Произведения, ограничивающиеся смысловым постмодернизмом, - анахронизм. Уже недостаточно писать "гламур так же неисчерпаем, как дискурс", чтобы занять ум потребителя дольше, чем на время чтения текста. Рулит структурный постмодернизм. Когда, проскользив взглядом по всем стадиям развития сюжета от завязки до эпилога, вы обнаруживаете, что вам в мозг инсталлировался комплекс элементов, которые в целостности взаимодействуют между собой совсем иначе (несут совершенно иную сюжетную нагрузку) и перестраивают в вашем мозгу текст, ложно освоенный как классический, - это оно. Развитие действия может быть выражено символами и не иметь никакого отношения к событийному ряду. Кульминация будет не там, где казалась при прочтении. Находить развязку задним числом так же странно, как обнаружить после секса, что оргазм был совсем не тогда, когда ты его ощущал, %) но бывает и так. И в этом есть драйв.
з.ы. Как все "культурные люди" я читал "Сад" до этого раз 20. И критику читал. И экзамен сдавал. Мое восприятие, выращенное на классике, тогда было слишком не подготовлено. Наверное, разницу наиболее точно передает анекдот про бензопилу: "Ой, а чего это она так зажужжала?" Грубо говоря, я пытался использовать бензопилу как обычную, - естественно, результат меня не впечатлил.
Когда я впервые читал "Сад расходящихся тропок", я в принципе не воспринимал произведение, как механизм. Кроме идеи о ветвящемся времени, я ничего не мог из него вынести. Сейчас, будучи завсегдатаем пары фандомов, я совершенно спокойно держу в уме сотни реализовавшихся вариантов развития судеб героев, и одновременное разветвление представляется слишком банальным, чтобы его требовалось разжевывать.

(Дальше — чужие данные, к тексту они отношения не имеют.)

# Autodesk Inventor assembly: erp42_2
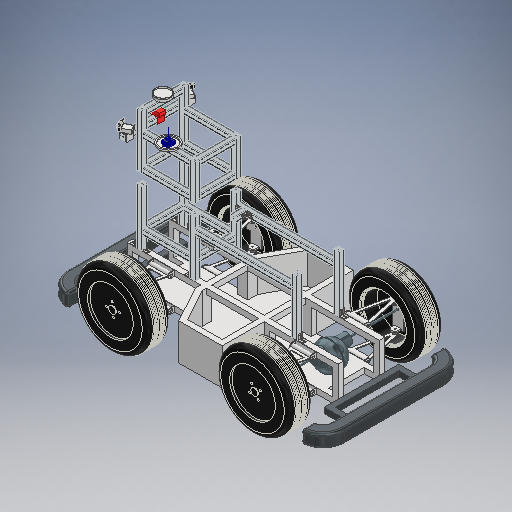
[picture p0: Inventor's stored thumbnail of the model, 512x512]
Saved by Autodesk Inventor 2025.2 (Build 292293000, 293)
## iProperties
Created: 2024-02-06
Part Number: erp42_2
Document SubType Name: Assembly
Designer: ps737
Author: ps737
## Documents named in this file (29)
- C:\Users\jbhma\OneDrive\Desktop\2025_ACCA\2024 ERP42\erp42_2.iam
- C:\Users\jbhma\OneDrive\Desktop\2025_ACCA\2024 ERP42\body.ipt
- C:\Users\jbhma\OneDrive\Desktop\2025_ACCA\2024 ERP42\bumper.ipt
- C:\Users\jbhma\OneDrive\Desktop\2025_ACCA\2024 ERP42\body_braket.ipt
- C:\Users\jbhma\OneDrive\Desktop\2025_ACCA\2024 ERP42\link.ipt
- C:\Users\jbhma\OneDrive\Desktop\2025_ACCA\2024 ERP42\wheel.ipt
- C:\Users\jbhma\OneDrive\Desktop\2025_ACCA\2024 ERP42\wheel_bolt.ipt
- C:\Users\jbhma\OneDrive\Desktop\2025_ACCA\2024 ERP42\프로파일\34.ipt
- C:\Users\jbhma\OneDrive\Desktop\2025_ACCA\2024 ERP42\프로파일\40.5.ipt
- C:\Users\jbhma\OneDrive\Desktop\2025_ACCA\2024 ERP42\L자 브라켓.ipt
- C:\Users\jbhma\OneDrive\Desktop\2025_ACCA\2024 ERP42\wheel_braket_13.ipt
- C:\Users\jbhma\OneDrive\Desktop\2025_ACCA\2024 ERP42\wheel_braket_24.ipt
- C:\Users\jbhma\OneDrive\Desktop\2025_ACCA\2024 ERP42\base_link.ipt
- base_link.ipt
- C:\Users\jbhma\OneDrive\Desktop\2025_ACCA\2024 ERP42\프로파일\8.ipt
- C:\Users\jbhma\OneDrive\Desktop\2025_ACCA\2024 ERP42\프로파일\26.ipt
- C:\Users\jbhma\OneDrive\Desktop\2025_ACCA\2024 ERP42\프로파일\39.ipt
- C:\Users\jbhma\OneDrive\Desktop\2025_ACCA\2024 ERP42\프로파일\70.5.ipt
- C:\Users\jbhma\OneDrive\Desktop\2025_ACCA\2024 ERP42\lidar_case.ipt
- C:\Users\jbhma\OneDrive\Desktop\2025_ACCA\2024 ERP42\86-0138 REV 2, ENVELOPE, VLP-32C M12M.iam
- C:\Users\jbhma\OneDrive\Desktop\2025_ACCA\2024 ERP42\gps_case.ipt
- C:\Users\jbhma\OneDrive\Desktop\2025_ACCA\2024 ERP42\UBLOX_ANN-MB-00_GNSS_ANTENNA.ipt
- C:\Users\jbhma\OneDrive\Desktop\2025_ACCA\2024 ERP42\프로파일\50.ipt
- C:\Users\jbhma\OneDrive\Desktop\2025_ACCA\2024 ERP42\camera_case_front.ipt
- C:\Users\jbhma\OneDrive\Desktop\2025_ACCA\2024 ERP42\camera_case_left.ipt
- C:\Users\jbhma\OneDrive\Desktop\2025_ACCA\2024 ERP42\camera_case_right.ipt
- C:\Users\jbhma\OneDrive\Desktop\2025_ACCA\2024 ERP42\camera.ipt
- C:\Users\jbhma\OneDrive\Desktop\2025_ACCA\2024 ERP42\imu_case.ipt
- C:\Users\jbhma\OneDrive\Desktop\2025_ACCA\2024 ERP42\MTi 600-series STEP files\MTi-600 DEV assembly.iam
## Components (88 placed, 27 different names)
1. body:1 — 메이트:1, 메이트:2, 메이트:3, 메이트:4, 메이트:5, 메이트:6, 메이트:9, 메이트:12, 메이트:60, 메이트:61, 플러쉬:1, 플러쉬:3, 플러쉬:4, 메이트:62, 메이트:64, 메이트:65, 플러쉬:6, 플러쉬:7, 플러쉬:8, 메이트:77, 메이트:78, 메이트:79, 플러쉬:9, 플러쉬:10, 플러쉬:11, 메이트:107, 메이트:108, 플러쉬:21, 플러쉬:22, 메이트:109, 메이트:110, 메이트:124, 플러쉬:28, 각도:18, 플러쉬:29, 각도:19, 플러쉬:31, 플러쉬:32, 플러쉬:33, 메이트:152, 메이트:153, 메이트:154, 각도:20, 각도:21, 각도:22, 각도:23, 메이트:192, 플러쉬:34, 메이트:194, 플러쉬:35, 메이트:196, 플러쉬:36, 메이트:198, 플러쉬:37, 메이트:200, 플러쉬:38, 메이트:202, 플러쉬:39, 메이트:204, 메이트:206, 플러쉬:41, 메이트:209, 플러쉬:42, 메이트:241, 메이트:242, 메이트:243, 플러쉬:60, 메이트:244, 플러쉬:61, 메이트:245, 플러쉬:62, 메이트:252, 메이트:255
2. bumper:1 — 메이트:1, 메이트:2, 플러쉬:6, 플러쉬:10
3. bumper:2 — 메이트:3, 메이트:4, 플러쉬:7, 플러쉬:11, 플러쉬:58
4. body_braket:5 — 메이트:5, 플러쉬:32, 메이트:145, 메이트:151, 메이트:153
5. body_braket:7 — 메이트:6, 메이트:133, 메이트:134, 플러쉬:29, 플러쉬:30
6. body_braket:10 — 메이트:9, 플러쉬:3, 메이트:65, 메이트:144, 메이트:150
7. body_braket:12 — 메이트:12, 플러쉬:1, 메이트:62, 메이트:135, 메이트:136, 플러쉬:30, 플러쉬:40
8. body_braket:15 — 메이트:61, 메이트:140, 메이트:143, 플러쉬:31, 메이트:154
9. body_braket:16 — 메이트:60, 플러쉬:4, 메이트:64, 메이트:141, 메이트:142
10. body_braket:17 — 메이트:79, 플러쉬:33, 메이트:146, 메이트:148, 메이트:152
11. body_braket:18 — 메이트:77, 메이트:78, 플러쉬:9, 메이트:147, 메이트:149
12. 40.5:1 — 메이트:107, 플러쉬:21, 메이트:109, 메이트:201, 메이트:225, 플러쉬:52, 플러쉬:59, 플러쉬:110
13. 40.5:2 — 메이트:108, 플러쉬:22, 메이트:110, 메이트:205, 플러쉬:42, 메이트:224, 플러쉬:51, 플러쉬:109
14. 40.5:3 — 메이트:124, 플러쉬:28, 메이트:203, 메이트:214, 메이트:227, 플러쉬:53, 메이트:249, 플러쉬:66, 메이트:274, 플러쉬:107
15. link:19 — 메이트:129, 메이트:130, 메이트:133, 메이트:134
16. wheel_braket_13:1 — 메이트:131, 메이트:132, 각도:19, 메이트:137, 메이트:139, 메이트:179, 각도:23, 메이트:185
17. wheel_bolt:11 — 메이트:129, 메이트:130, 메이트:131, 메이트:132
18. link:20 — 메이트:135, 메이트:136, 각도:18, 메이트:138, 메이트:240
19. wheel_bolt:12 — 메이트:137, 메이트:138, 메이트:139, 메이트:240
20. link:21 — 메이트:141, 메이트:142, 메이트:175, 메이트:177
21. link:22 — 메이트:140, 메이트:143, 메이트:176, 메이트:178, 메이트:184
22. link:23 — 메이트:146, 메이트:148, 메이트:172, 메이트:174
23. link:24 — 메이트:147, 메이트:149, 메이트:171, 메이트:173
24. link:25 — 메이트:144, 메이트:150, 메이트:167, 메이트:168
25. link:26 — 메이트:145, 메이트:151, 메이트:169, 메이트:170
26. wheel:1 — 메이트:186, 메이트:187
27. wheel:2 — 메이트:179, 메이트:185
28. wheel:3 — 메이트:190, 메이트:191
29. wheel:4 — 메이트:188, 메이트:189, 메이트:208, 메이트:210
30. wheel_braket_13:2 — 메이트:155, 메이트:156, 메이트:161, 메이트:162, 각도:21, 메이트:190, 메이트:191
31. wheel_braket_24:1 — 메이트:180, 메이트:181, 메이트:182, 메이트:183, 각도:20, 메이트:186, 메이트:187
32. wheel_braket_24:2 — 메이트:157, 메이트:158, 메이트:163, 메이트:164, 각도:22, 메이트:188, 메이트:189
33. wheel_bolt:13 — 메이트:158, 메이트:163, 메이트:172, 메이트:174
34. wheel_bolt:14 — 메이트:155, 메이트:161, 메이트:169, 메이트:170
35. wheel_bolt:15 — 메이트:157, 메이트:164, 메이트:171, 메이트:173
36. wheel_bolt:16 — 메이트:156, 메이트:162, 메이트:167, 메이트:168
37. wheel_bolt:17 — 메이트:175, 메이트:177, 메이트:180, 메이트:181, 메이트:183
38. wheel_bolt:18 — 메이트:176, 메이트:178, 메이트:182, 메이트:184
39. L자 브라켓:1 — 메이트:194, 플러쉬:35
40. L자 브라켓:2 — 메이트:192, 플러쉬:34
41. L자 브라켓:3 — 메이트:196, 플러쉬:36
42. L자 브라켓:4 — 메이트:198, 플러쉬:37
43. L자 브라켓:5 — 메이트:202, 메이트:203, 플러쉬:39
44. L자 브라켓:6 — 메이트:200, 메이트:201, 플러쉬:38, 플러쉬:59
45. L자 브라켓:7 — 메이트:204, 메이트:205, 플러쉬:40
46. L자 브라켓:8 — 메이트:206, 플러쉬:41, 메이트:250
47. base_link:1 — 메이트:208, 메이트:209, 메이트:210
48. 8:1 — 메이트:214, 메이트:217, 메이트:218
49. L자 브라켓:9 — 메이트:217
50. L자 브라켓:10 — 메이트:218
51. L자 브라켓:13
52. L자 브라켓:14 — 메이트:224, 플러쉬:51, 메이트:275
53. L자 브라켓:15 — 메이트:225, 플러쉬:52, 메이트:276
54. L자 브라켓:17 — 메이트:227, 플러쉬:53
55. 40.5:4 — 메이트:243, 플러쉬:60, 메이트:246, 플러쉬:64, 메이트:251, 메이트:253, 플러쉬:67, 플러쉬:105, 플러쉬:106
56. 40.5:5 — 메이트:245, 플러쉬:62, 메이트:247, 플러쉬:63, 메이트:254, 플러쉬:68
57. 40.5:6 — 메이트:244, 플러쉬:61, 메이트:248, 플러쉬:65, 메이트:250, 메이트:251, 메이트:252, 메이트:273, 플러쉬:108, 플러쉬:122
58. 26:1 — 메이트:246, 메이트:247, 플러쉬:63, 플러쉬:64, 플러쉬:69, 플러쉬:70, 플러쉬:71, 메이트:255
59. 26:2 — 메이트:248, 메이트:249, 플러쉬:65, 플러쉬:66, 플러쉬:71, 메이트:303, 플러쉬:123
60. 34:1 — 메이트:253, 플러쉬:67, 플러쉬:70
61. 34:2 — 메이트:254, 플러쉬:68, 플러쉬:69
62. 39:3 — 메이트:260, 메이트:262, 플러쉬:72, 플러쉬:75, 플러쉬:76, 플러쉬:86, 메이트:268, 플러쉬:95, 플러쉬:96, 플러쉬:105, 플러쉬:106, 메이트:282
63. 39:4 — 메이트:261, 메이트:263, 플러쉬:73, 플러쉬:74, 플러쉬:77, 플러쉬:87, 메이트:270, 플러쉬:97, 플러쉬:98, 메이트:299, 플러쉬:120
64. 26:3 — 메이트:264, 메이트:267, 플러쉬:92, 플러쉬:93, 플러쉬:94
65. 26:4 — 메이트:260, 메이트:261, 플러쉬:72, 플러쉬:73, 플러쉬:74, 플러쉬:75, 각도:24, 각도:25, 플러쉬:111, 메이트:298
66. 26:5 — 메이트:262, 메이트:263, 플러쉬:76, 플러쉬:77, 플러쉬:86, 플러쉬:87
67. 26:6 — 메이트:265, 플러쉬:88, 플러쉬:89, 플러쉬:90, 플러쉬:91, 플러쉬:119
68. 26:7 — 플러쉬:90, 메이트:267, 플러쉬:91, 플러쉬:93, 플러쉬:99, 플러쉬:100, 메이트:271, 플러쉬:102, 플러쉬:103
69. 26:8 — 메이트:264, 메이트:265, 플러쉬:88, 플러쉬:89, 플러쉬:92, 플러쉬:94, 메이트:269, 메이트:272, 플러쉬:101, 플러쉬:104
70. 34:4 — 메이트:268, 메이트:269, 플러쉬:95, 플러쉬:96
71. 34:5 — 메이트:270, 플러쉬:97, 플러쉬:98, 플러쉬:99, 플러쉬:100
72. 34:6 — 메이트:271, 플러쉬:102, 플러쉬:103, 플러쉬:121
73. 34:7 — 메이트:272, 플러쉬:101, 플러쉬:104, 메이트:285, 플러쉬:112
74. 70.5:2 — 메이트:274, 플러쉬:107, 플러쉬:109, 메이트:276
75. 70.5:3 — 메이트:273, 플러쉬:108, 플러쉬:110, 메이트:275
76. lidar_case:1 — 각도:24, 메이트:280, 메이트:281, 메이트:282, 메이트:298
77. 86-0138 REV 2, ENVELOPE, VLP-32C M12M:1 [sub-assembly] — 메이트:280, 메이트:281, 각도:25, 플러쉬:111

Забавно, что мое восприятие не является сколь-либо массовым. Скажем, никому не бросается в глаза кардинальная разница между 1 и 2 сериями "Шерлока" (ВВС). 2-я серия - обычный детектив с поступательным развитием сюжета, и кроме противостояния женских и мужских образов там вообще ничего нет (в существование идиотов, не знающих про книжные шифры я, уж извините, не верю). Серии соотносятся друг с другом, как системный блок и ящик из-под пива. А внешне, типа, и то и другое коробки.